Фрейд, очевидно, широко экспериментировал на самом себе, не впадая, однако, в то классически пассивное состояние, которое он впоследствии считал необходимым для успеха психоанализа. Я тоже видел, что во мне появляются зачатки психоаналитического сознания, которым я обязан только самому себе, и поэтому совсем не стремился погрузиться в рекомендованное мне состояние полной покорности.
Кроме того, я не мог согласиться с принятой в психоанализе оценкой человеческой личности и с теми жизненными целями, которые предложил мне мой друг психоаналитик. Я никогда не считал удовлетворенность и даже счастье самыми большими человеческими ценностями, и у меня появился страх, что одна из задач традиционного психоанализа состоит в том, чтобы обратить пациента в мирно пасущуюся корову.
Лежа на койке психиатра, я пытался составить обычный психоаналитический отчет, дополняя его интуитивными догадками о своих побуждениях и свойственными мне оценками духовных ценностей. Я говорил своему врачу, как много значит для меня импульс творчества, какое глубокое удовлетворение приносит мне успех в работе и как прочно это чувство связано с моим пониманием прекрасного. Я рассказал ему о том, что мне нравится в литературе и, в частности, в поэзии. У Гейне встречаются некоторые отрывки с описанием религиозного экстаза евреев, особенно в «Диспуте»
Но мой врач пренебрег всеми этими сведениями, так как, по его мнению, они не исходили из глубин подсознания.
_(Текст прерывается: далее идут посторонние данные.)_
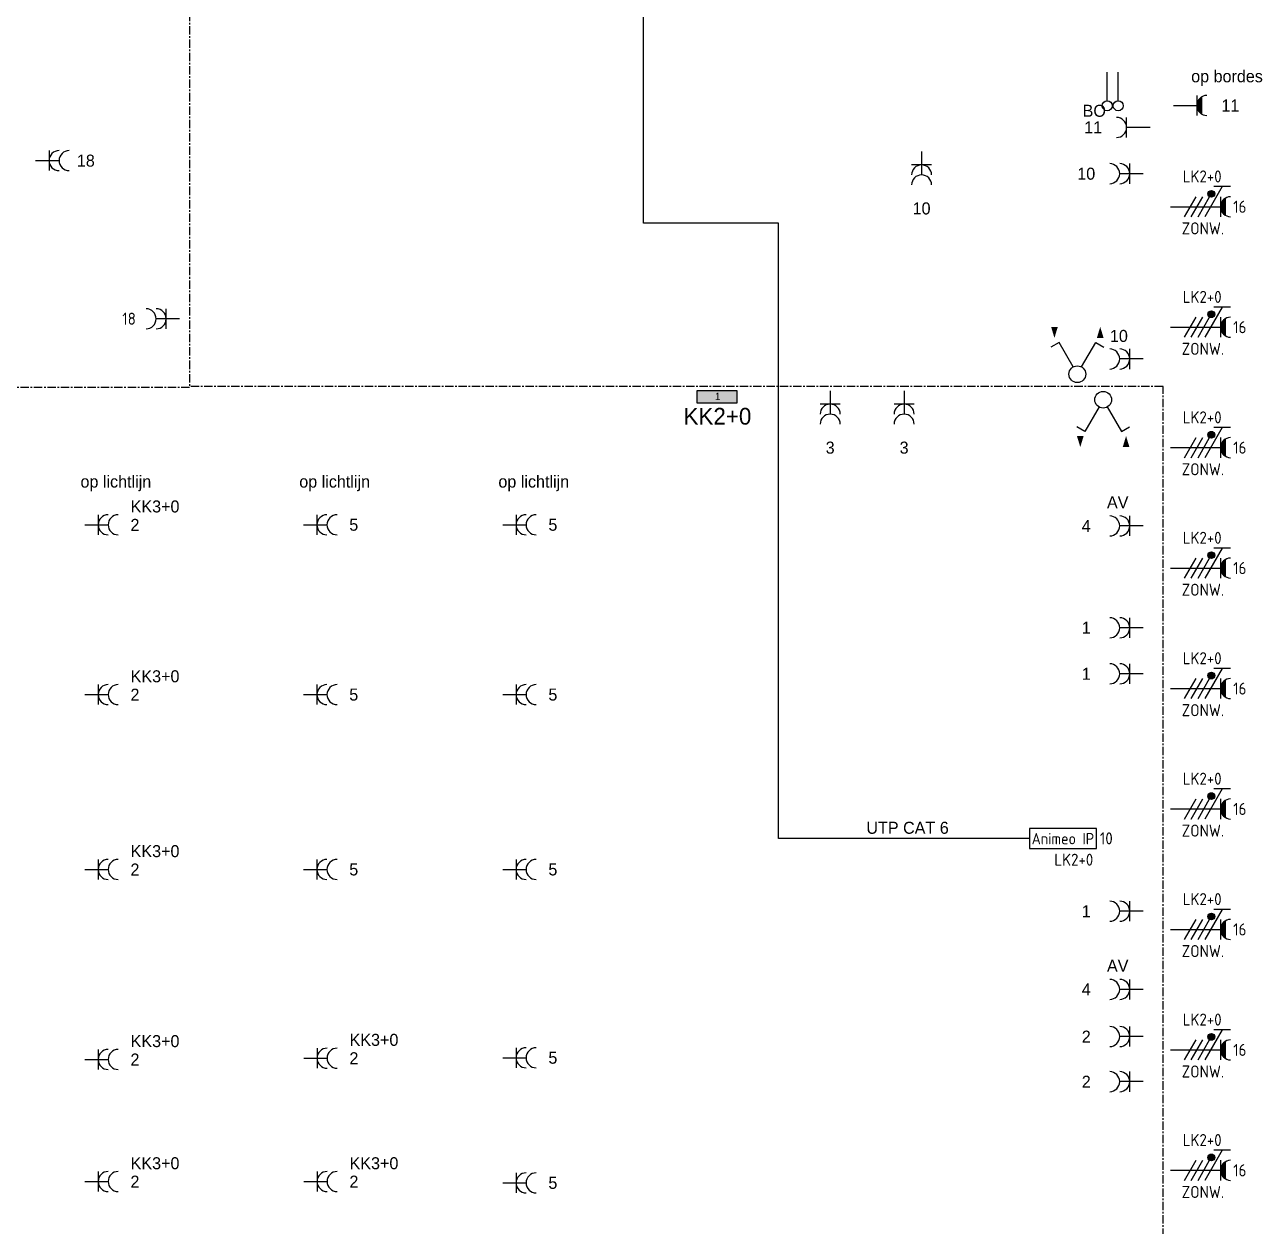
# Model space of a CAD drawing. Header units: millimetres. Extents: x -3262 to 234675, y 0 to 85156.
# Drawn here: x 51660 to 70150, y 39303 to 57259 of the extents above; entities that cross this region are included whole.
import ezdxf
from ezdxf.enums import TextEntityAlignment as Align

# ---------------------------------------------------------------- set-up
doc = ezdxf.new("R2010")
doc.units = ezdxf.units.MM
doc.header["$LTSCALE"] = 100
doc.linetypes.add('CENTER', pattern=[2, 1.25, -0.25, 0.25, -0.25])
doc.layers.get('0').update_dxf_attribs({"linetype": 'CONTINUOUS'})
for name, color, linetype in [('EL6132--', 3, 'CONTINUOUS'), ('EL6212--', 3, 'CONTINUOUS'), ('EL6212--_S', 4, 'CONTINUOUS'), ('EL6222--', 3, 'CONTINUOUS'), ('EL6223--', 3, 'CONTINUOUS')]:
    doc.layers.add(name, color=color, linetype=linetype)
doc.styles.add('buro-018', font='BUROFONT.shx', dxfattribs={"height": 180})
doc.styles.add('BURO-025', font='BUROFONT.shx', dxfattribs={"height": 250})
doc.styles.add('STABICAD-012', font='ISOCP.SHX', dxfattribs={"height": 1.2})
doc.styles.add('STABICAD-018', font='ISOCP.SHX', dxfattribs={"height": 180})

# ---------------------------------------------------------------- blocks, each defined once
blk = doc.blocks.new('111304A')
at = {"color": 0, "linetype": 'Continuous'}
for p, q in [((0, 1), (0, 4.5)), ((-1.5, 3), (1.5, 3))]:
    blk.add_line(p, q, dxfattribs=at)
for centre in [(0, 6), (0, 4.5)]:
    blk.add_arc(centre, 1.5, 180, 0, dxfattribs=at)
at = {"color": 0, "linetype": 'Continuous', "style": 'buro-018'}
for tag, p in [('PANEL', (0, 11.5)), ('CIRCUIT', (0, 8.5)), ('SUBCIRCUIT', (4.5, 8.5))]:
    blk.add_attdef(tag, text='', height=1.8, dxfattribs=at).set_placement(p, align=Align.MIDDLE)
at = {"color": 0, "linetype": 'Continuous', "style": 'buro-018', "flags": 1}
for tag, p in [('POWERCODE', (13, 8.5)), ('ARTICLECODE', (0, 0))]:
    blk.add_attdef(tag, text='', height=1.8, dxfattribs=at).set_placement(p, align=Align.MIDDLE)
blk = doc.blocks.new('1116A4C')
at = {"color": 0, "linetype": 'Continuous'}
for p, q in [((-5, 4), (-5, 1)), ((5, 4), (-5, 4)), ((5, 1), (5, 4)), ((-5, 1), (5, 1))]:
    blk.add_line(p, q, dxfattribs=at)
blk.add_solid([(-5, 4), (-5, 1), (5, 4), (5, 1)], dxfattribs=at)
at = {"color": 0, "linetype": 'Continuous', "style": 'buro-018'}
for tag, p in [('PANEL', (0, 15)), ('CIRCUIT', (0, 9)), ('SUBCIRCUIT', (4.5, 9)), ('PANELNAME', (0, 6))]:
    blk.add_attdef(tag, text='', height=1.8, dxfattribs=at).set_placement(p, align=Align.MIDDLE)
at = {"color": 0, "linetype": 'Continuous', "style": 'buro-018', "flags": 1}
blk.add_attdef('ARTICLECODE', text='', height=1.8, dxfattribs=at).set_placement((0, 0), align=Align.MIDDLE)
at = {"layer": 'EL6222--', "color": 1, "style": 'STABICAD-012', "flags": 1}
blk.add_attdef('CASCADINGPANEL', text='', height=1.8, rotation=90, dxfattribs=at).set_placement((903.38, 707.15), align=Align.MIDDLE_CENTER)
blk = doc.blocks.new('E00128')
at = {"color": 0, "linetype": 'Continuous'}
blk.add_line((0, 5.25), (0, 1), dxfattribs=at)
blk.add_circle((0, 6), 0.75, dxfattribs=at)
at = {"color": 7, "style": 'buro-018'}
blk.add_attdef('TEXT1', text='', height=1.8, dxfattribs=at).set_placement((0, 9), align=Align.MIDDLE)
at = {"color": 0, "linetype": 'Continuous', "style": 'buro-018', "flags": 1}
blk.add_attdef('ARTICLECODE', text='', height=1.8, dxfattribs=at).set_placement((0, 0), align=Align.MIDDLE)
blk = doc.blocks.new('111304')
at = {"color": 0, "linetype": 'Continuous'}
for p, q in [((-1.5, 4.5), (1.5, 4.5)), ((0, 1), (0, 4.5))]:
    blk.add_line(p, q, dxfattribs=at)
blk.add_arc((0, 6), 1.5, 180, 0, dxfattribs=at)
at = {"color": 0, "linetype": 'Continuous', "style": 'buro-018'}
for tag, p in [('PANEL', (0, 11.5)), ('CIRCUIT', (0, 8.5)), ('SUBCIRCUIT', (4.5, 8.5))]:
    blk.add_attdef(tag, text='', height=1.8, dxfattribs=at).set_placement(p, align=Align.MIDDLE)
at = {"color": 0, "linetype": 'Continuous', "style": 'buro-018', "flags": 1}
for tag, p in [('POWERCODE', (13, 8.5)), ('ARTICLECODE', (0, 0))]:
    blk.add_attdef(tag, text='', height=1.8, dxfattribs=at).set_placement(p, align=Align.MIDDLE)
blk = doc.blocks.new('111304WD')
at = {"color": 0, "linetype": 'Continuous'}
for p, q in [((-1.5, 4.5), (1.5, 4.5)), ((1.3, 5.25), (-1.3, 5.25)), ((1.16, 5.05), (-1.16, 5.05)), ((0.96, 4.85), (-0.96, 4.85)), ((0.65, 4.65), (-0.65, 4.65)), ((0, 1), (0, 4.5))]:
    blk.add_line(p, q, dxfattribs=at)
blk.add_arc((0, 6), 1.5, 180, 0, dxfattribs=at)
at = {"color": 0, "linetype": 'Continuous', "style": 'buro-018'}
for tag, p in [('PANEL', (0, 11.5)), ('CIRCUIT', (0, 8.5)), ('SUBCIRCUIT', (4.5, 8.5))]:
    blk.add_attdef(tag, text='', height=1.8, dxfattribs=at).set_placement(p, align=Align.MIDDLE)
at = {"color": 0, "linetype": 'Continuous', "style": 'buro-018', "flags": 1}
for tag, p in [('POWERCODE', (13, 8.5)), ('ARTICLECODE', (0, 0))]:
    blk.add_attdef(tag, text='', height=1.8, dxfattribs=at).set_placement(p, align=Align.MIDDLE)
blk = doc.blocks.new('111304FW')
at = {"color": 0, "linetype": 'Continuous'}
for p, q in [((-3, 9.98), (-3, 7.48)), ((1.3, 9.25), (-1.3, 9.25)), ((-3, 8.73), (1.5, 6.13)), ((-1.5, 8.5), (1.5, 8.5)), ((1.16, 9.05), (-1.16, 9.05)), ((0.96, 8.85), (-0.96, 8.85)), ((0.65, 8.65), (-0.65, 8.65)), ((0, 1), (0, 8.5)), ((1.5, 5.13), (-1.5, 6.87)), ((1.5, 4.13), (-1.5, 5.87)), ((1.5, 3.13), (-1.5, 4.87))]:
    blk.add_line(p, q, dxfattribs=at)
at = {"color": 0, "linetype": 'Continuous', "const_width": 0.5}
blk.add_lwpolyline([(-1.68, 7.12, 1), (-2.18, 7.12, 1)], format="xyb", close=True, dxfattribs=at)
at = {"color": 0, "linetype": 'Continuous'}
blk.add_circle((-1.93, 7.12), 0.5, dxfattribs=at)
blk.add_arc((0, 10), 1.5, 180, 0, dxfattribs=at)
at = {"color": 0, "linetype": 'Continuous', "style": 'STABICAD-018'}
for tag, p in [('PANEL', (0, 15.5)), ('CIRCUIT', (0, 12.5)), ('SUBCIRCUIT', (4.5, 12.5)), ('ARTICLECODE', (0, 0))]:
    blk.add_attdef(tag, text='', height=1.8, dxfattribs=at).set_placement(p, align=Align.MIDDLE)
at = {"color": 0, "linetype": 'Continuous', "style": 'STABICAD-018', "flags": 1}
blk.add_attdef('POWERCODE', text='', height=1.8, dxfattribs=at).set_placement((13, 12.5), align=Align.MIDDLE)
blk = doc.blocks.new('111405A')
at = {"color": 0, "linetype": 'Continuous'}
for p, q in [((-2.74, 7), (-3.95, 6.3)), ((-0.62, 3.33), (-2.74, 7)), ((0.62, 3.33), (2.74, 7)), ((2.74, 7), (3.95, 6.3))]:
    blk.add_line(p, q, dxfattribs=at)
for points in [[(-3.42, 7.67, 0, 1, 0), (-3.42, 9.33, 1, 1, 0)], [(3.42, 9.33, 0, 1, 0), (3.42, 7.67, 1, 1, 0)]]:
    blk.add_lwpolyline(points, format="xyseb", dxfattribs=at)
blk.add_circle((0, 2.25), 1.25, dxfattribs=at)
at = {"color": 0, "linetype": 'Continuous', "style": 'STABICAD-018'}
blk.add_attdef('ARTICLECODE', text='', height=1.8, dxfattribs=at).set_placement((0, 0), align=Align.MIDDLE)
blk = doc.blocks.new('E00113')
at = {"color": 0, "linetype": 'Continuous'}
for p, q in [((-5, 4), (-5, 1)), ((5, 4), (-5, 4)), ((5, 1), (5, 4)), ((-5, 1), (5, 1))]:
    blk.add_line(p, q, dxfattribs=at)
at = {"color": 0, "linetype": 'Continuous', "style": 'STABICAD-018'}
for tag, p in [('TEXT1', (0, 6)), ('TEXT2', (0, 2.5)), ('ARTICLECODE', (0, 0))]:
    blk.add_attdef(tag, text='', height=1.8, dxfattribs=at).set_placement(p, align=Align.MIDDLE)

msp = doc.modelspace()

# ---------------------------------------------------------------- linework, layer by layer
at = {"layer": 'EL6212--_S', "linetype": 'CENTER'}
msp.add_line((68667, 51855), (54123, 51855), dxfattribs=at)
for points in [[(35058, 59042), (54123, 59039), (54123, 51839), (50522, 51839), (46921, 51839), (46921, 44613), (35085, 44613)], [(68667, 27144), (68667, 51855)]]:
    msp.add_lwpolyline(points, dxfattribs=at)
at = {"layer": 'EL6223--'}
for p, q in [((60905, 54291), (60905, 58380)), ((62922, 54291), (60905, 54291)), ((62922, 45096), (62922, 54291)), ((66671, 45096), (62922, 45096))]:
    msp.add_line(p, q, dxfattribs=at)

# ---------------------------------------------------------------- block references
at = {"layer": 'EL6132--', "linetype": 'Continuous', "xscale": 100, "yscale": 100, "zscale": 100}
for p, rotation in [((67834, 56648), 180), ((67998, 56648), 179.999916626916)]:
    msp.add_blockref('E00128', p, dxfattribs=dict(at, rotation=rotation))
at = {"layer": 'EL6212--', "linetype": 'Continuous'}
ref = msp.add_blockref('1116A4C', (62002, 51549), dxfattribs=dict(at, xscale=60, yscale=60, zscale=60))
ref.add_attrib('CIRCUIT', '1', dxfattribs={"layer": '0', "color": 1, "linetype": 'ByBlock', "height": 108, "style": 'buro-018'}).set_placement((62013, 51704), align=Align.MIDDLE)
ref.add_attrib('PANELNAME', 'KK2+0', dxfattribs={"layer": '0', "color": 2, "linetype": 'ByBlock', "height": 250, "style": 'BURO-025'}).set_placement((62010, 51408), align=Align.MIDDLE)
at = {"layer": 'EL6222--', "linetype": 'Continuous'}
ref = msp.add_blockref('111304', (68573, 55724), dxfattribs=dict(at, xscale=100, yscale=100, zscale=100, rotation=90.00000000000001))
ref.add_attrib('CIRCUIT', '11', dxfattribs={"layer": '0', "color": 1, "linetype": 'ByBlock', "height": 180, "style": 'buro-018'}).set_placement((67623, 55724), align=Align.MIDDLE)
ref.add_attrib('POWERCODE', 'BO', dxfattribs={"layer": '0', "color": 1, "linetype": 'ByBlock', "height": 180, "style": 'buro-018'}).set_placement((67640, 55973), align=Align.MIDDLE)
ref = msp.add_blockref('111304WD', (68723, 56052), dxfattribs=dict(at, xscale=100, yscale=100, zscale=100, rotation=270))
ref.add_attrib('CIRCUIT', '11', dxfattribs={"layer": '0', "color": 1, "linetype": 'ByBlock', "height": 180, "style": 'buro-018'}).set_placement((69673, 56052), align=Align.MIDDLE)
ref = msp.add_blockref('111304A', (51723, 55228), dxfattribs=dict(at, xscale=100, yscale=100, zscale=100, rotation=270))
ref.add_attrib('CIRCUIT', '18', dxfattribs={"layer": '0', "color": 1, "linetype": 'Continuous', "height": 180, "style": 'buro-018'}).set_placement((52573, 55228), align=Align.MIDDLE)
ref = msp.add_blockref('111304A', (65060, 55464), dxfattribs=dict(at, xscale=100, yscale=100, zscale=100, rotation=180))
ref.add_attrib('CIRCUIT', '10', dxfattribs={"layer": '0', "color": 1, "linetype": 'ByBlock', "height": 180, "style": 'buro-018'}).set_placement((65060, 54514), align=Align.MIDDLE)
ref = msp.add_blockref('111304A', (68470, 55033), dxfattribs=dict(at, xscale=100, yscale=100, zscale=100, rotation=90.00000000000001))
ref.add_attrib('CIRCUIT', '10', dxfattribs={"layer": '0', "color": 1, "linetype": 'ByBlock', "height": 180, "style": 'buro-018'}).set_placement((67520, 55033), align=Align.MIDDLE)
ref = msp.add_blockref('111304A', (54073, 52864), dxfattribs=dict(at, xscale=100, yscale=100, zscale=100, rotation=90.00000000000001))
ref.add_attrib('CIRCUIT', '18', dxfattribs={"layer": '0', "color": 1, "linetype": 'Continuous', "height": 180, "style": 'STABICAD-018'}).set_placement((53219, 52866), align=Align.MIDDLE)
ref = msp.add_blockref('111304A', (68470, 52264), dxfattribs=dict(at, xscale=100, yscale=100, zscale=100, rotation=90.00004168815222))
ref.add_attrib('CIRCUIT', '10', dxfattribs={"layer": '0', "color": 1, "linetype": 'ByBlock', "height": 180, "style": 'buro-018'}).set_placement((68008, 52608), align=Align.MIDDLE)
ref = msp.add_blockref('111304A', (63694, 51889), dxfattribs=dict(at, xscale=100, yscale=100, zscale=100, rotation=180))
ref.add_attrib('CIRCUIT', '3', dxfattribs={"layer": '0', "color": 1, "linetype": 'ByBlock', "height": 180, "style": 'buro-018'}).set_placement((63694, 50939), align=Align.MIDDLE)
ref = msp.add_blockref('111304A', (64799, 51889), dxfattribs=dict(at, xscale=100, yscale=100, zscale=100, rotation=180))
ref.add_attrib('CIRCUIT', '3', dxfattribs={"layer": '0', "color": 1, "linetype": 'ByBlock', "height": 180, "style": 'buro-018'}).set_placement((64799, 50939), align=Align.MIDDLE)
ref = msp.add_blockref('111304A', (52457, 49786), dxfattribs=dict(at, xscale=100, yscale=100, zscale=100, rotation=270))
ref.add_attrib('CIRCUIT', '2', dxfattribs={"layer": '0', "color": 1, "linetype": 'Continuous', "height": 180, "style": 'buro-018'}).set_placement((53307, 49786), align=Align.MIDDLE)
ref.add_attrib('PANEL', 'KK3+0', dxfattribs={"layer": '0', "color": 1, "linetype": 'Continuous', "height": 180, "style": 'buro-018'}).set_placement((53607, 50060), align=Align.MIDDLE)
ref = msp.add_blockref('111304A', (68470, 49769), dxfattribs=dict(at, xscale=100, yscale=100, zscale=100, rotation=90.00004168821285))
ref.add_attrib('CIRCUIT', '4', dxfattribs={"layer": '0', "color": 1, "linetype": 'ByBlock', "height": 180, "style": 'buro-018'}).set_placement((67520, 49769), align=Align.MIDDLE)
ref.add_attrib('POWERCODE', 'AV', dxfattribs={"layer": '0', "color": 1, "linetype": 'ByBlock', "height": 180, "style": 'buro-018'}).set_placement((67990, 50122), align=Align.MIDDLE)
ref = msp.add_blockref('111304A', (55726, 49786), dxfattribs=dict(at, xscale=100, yscale=100, zscale=100, rotation=270))
ref.add_attrib('CIRCUIT', '5', dxfattribs={"layer": '0', "color": 1, "linetype": 'Continuous', "height": 180, "style": 'buro-018'}).set_placement((56576, 49786), align=Align.MIDDLE)
ref = msp.add_blockref('111304A', (58701, 49786), dxfattribs=dict(at, xscale=100, yscale=100, zscale=100, rotation=270))
ref.add_attrib('CIRCUIT', '5', dxfattribs={"layer": '0', "color": 1, "linetype": 'Continuous', "height": 180, "style": 'buro-018'}).set_placement((59551, 49786), align=Align.MIDDLE)
ref = msp.add_blockref('111304A', (68470, 48247), dxfattribs=dict(at, xscale=100, yscale=100, zscale=100, rotation=90.00000000000001))
ref.add_attrib('CIRCUIT', '1', dxfattribs={"layer": '0', "color": 1, "linetype": 'ByBlock', "height": 180, "style": 'buro-018'}).set_placement((67520, 48247), align=Align.MIDDLE)
ref = msp.add_blockref('111304A', (68470, 47559), dxfattribs=dict(at, xscale=100, yscale=100, zscale=100, rotation=90.0000416880915))
ref.add_attrib('CIRCUIT', '1', dxfattribs={"layer": '0', "color": 1, "linetype": 'ByBlock', "height": 180, "style": 'buro-018'}).set_placement((67520, 47559), align=Align.MIDDLE)
ref = msp.add_blockref('111304A', (52457, 47248), dxfattribs=dict(at, xscale=100, yscale=100, zscale=100, rotation=270))
ref.add_attrib('CIRCUIT', '2', dxfattribs={"layer": '0', "color": 1, "linetype": 'Continuous', "height": 180, "style": 'buro-018'}).set_placement((53307, 47248), align=Align.MIDDLE)
ref.add_attrib('PANEL', 'KK3+0', dxfattribs={"layer": '0', "color": 1, "linetype": 'Continuous', "height": 180, "style": 'buro-018'}).set_placement((53607, 47522), align=Align.MIDDLE)
ref = msp.add_blockref('111304A', (55726, 47248), dxfattribs=dict(at, xscale=100, yscale=100, zscale=100, rotation=270))
ref.add_attrib('CIRCUIT', '5', dxfattribs={"layer": '0', "color": 1, "linetype": 'Continuous', "height": 180, "style": 'buro-018'}).set_placement((56576, 47248), align=Align.MIDDLE)
ref = msp.add_blockref('111304A', (58701, 47248), dxfattribs=dict(at, xscale=100, yscale=100, zscale=100, rotation=270))
ref.add_attrib('CIRCUIT', '5', dxfattribs={"layer": '0', "color": 1, "linetype": 'Continuous', "height": 180, "style": 'buro-018'}).set_placement((59551, 47248), align=Align.MIDDLE)
ref = msp.add_blockref('111304A', (52457, 44635), dxfattribs=dict(at, xscale=100, yscale=100, zscale=100, rotation=270))
ref.add_attrib('CIRCUIT', '2', dxfattribs={"layer": '0', "color": 1, "linetype": 'Continuous', "height": 180, "style": 'buro-018'}).set_placement((53307, 44635), align=Align.MIDDLE)
ref.add_attrib('PANEL', 'KK3+0', dxfattribs={"layer": '0', "color": 1, "linetype": 'Continuous', "height": 180, "style": 'buro-018'}).set_placement((53607, 44909), align=Align.MIDDLE)
ref = msp.add_blockref('111304A', (55726, 44635), dxfattribs=dict(at, xscale=100, yscale=100, zscale=100, rotation=270))
ref.add_attrib('CIRCUIT', '5', dxfattribs={"layer": '0', "color": 1, "linetype": 'Continuous', "height": 180, "style": 'buro-018'}).set_placement((56576, 44635), align=Align.MIDDLE)
ref = msp.add_blockref('111304A', (58701, 44635), dxfattribs=dict(at, xscale=100, yscale=100, zscale=100, rotation=270))
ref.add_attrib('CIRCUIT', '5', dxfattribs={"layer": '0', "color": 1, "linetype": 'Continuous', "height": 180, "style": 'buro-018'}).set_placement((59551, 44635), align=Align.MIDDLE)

Он считал, что они привнесены извне и не проникли дальше верхних слоев моего сознания, а потому тончайшая петелька, самый слабый отзвук, связанный с любым моим полузабытым сном, казался ему ценнее всех этих разговоров. Возможно, что мои мысли действительно были осознаны, но их воздействие на меня все-таки никак не было связано только с поверхностными слоями сознания.
Врач же воспринимал мои слова как контрабанду и считал, что я нарушаю долг пациента, лежащего на койке психоаналитика. Он не хотел считаться с тем, что я говорил, и расстался со мной с твердым убеждением, что его нарочно вводили в заблуждение. Я был обвинен в самом тяжком прегрешении пациентов, лечащихся у психиатров, — в неподатливости. Я действительно проявлял строптивость, но самый факт моей строптивости был непосредственным следствием моего жизненного опыта и душевного склада. Потеряв полгода в бесплодных попытках извлечь какую-нибудь пользу из человека, который, по моему глубокому убеждению, так и не понял, что я такое, я с ним расстался.
Позднее я обращался к другим психоаналитикам, менее почитавшим сонники и более энергично стремившимся войти в контакт с моим человеческим Я. Они оказались искушеннее в жизненных делах и человечнее, а главное, они не превращали сеанса психоанализа в священный обряд. Новые врачи тоже не пренебрегали моими снами и подмеченными противоречиями. Но, в отличие от своих более ортодоксальных коллег, превративших фрейдизм в некую религию, они в гораздо большей степени обращались со мной как с личностью. Для них койка психоаналитика не была прокрустовым ложем, и, если я высказывал мнение, отличное от их собственного, они не вешали мне на шею ярлык с устрашающим словом «неподатлив».
К счастью, я не имел возможности сосредоточить все внимание на своих внутренних трудностях и целиком посвятить себя копанию в собственной душе. У меня постоянно было много забот, и в том числе забота об устройстве ученых-беженцев. Правда, с годами эта забота стала отнимать меньше времени, так как проблема иммиграции ученых приобрела иной характер.
Самые различные страны внесли свою лепту в развитие американской науки, включая Финляндию и Китай. Давно приехавшие эмигранты постепенно отвыкали от родного языка (обычно немецкого) и начинали воспринимать американский образ жизни как нечто совершенно естественное. Пожилые люди воспитывали детей уже в американских традициях, молодые женились на американках, и было очевидно, что при любых обстоятельствах только единицы из них захотят навсегда порвать с Америкой и возвратиться в Европу.
Об окончательных результатах мощной волны эмиграции эпохи гитлеризма судить еще рано. Но совершенно ясно, что в нашу математику влилось такое количество новых человеческих индивидуальностей и новых человеческих рас, что по интенсивности этот приток можно сравнить только с волной немецкой эмиграции 1848 года или с массовым бегством гугенотов из Франции в Англию, Голландию и Америку после отмены Нантского эдикта[125].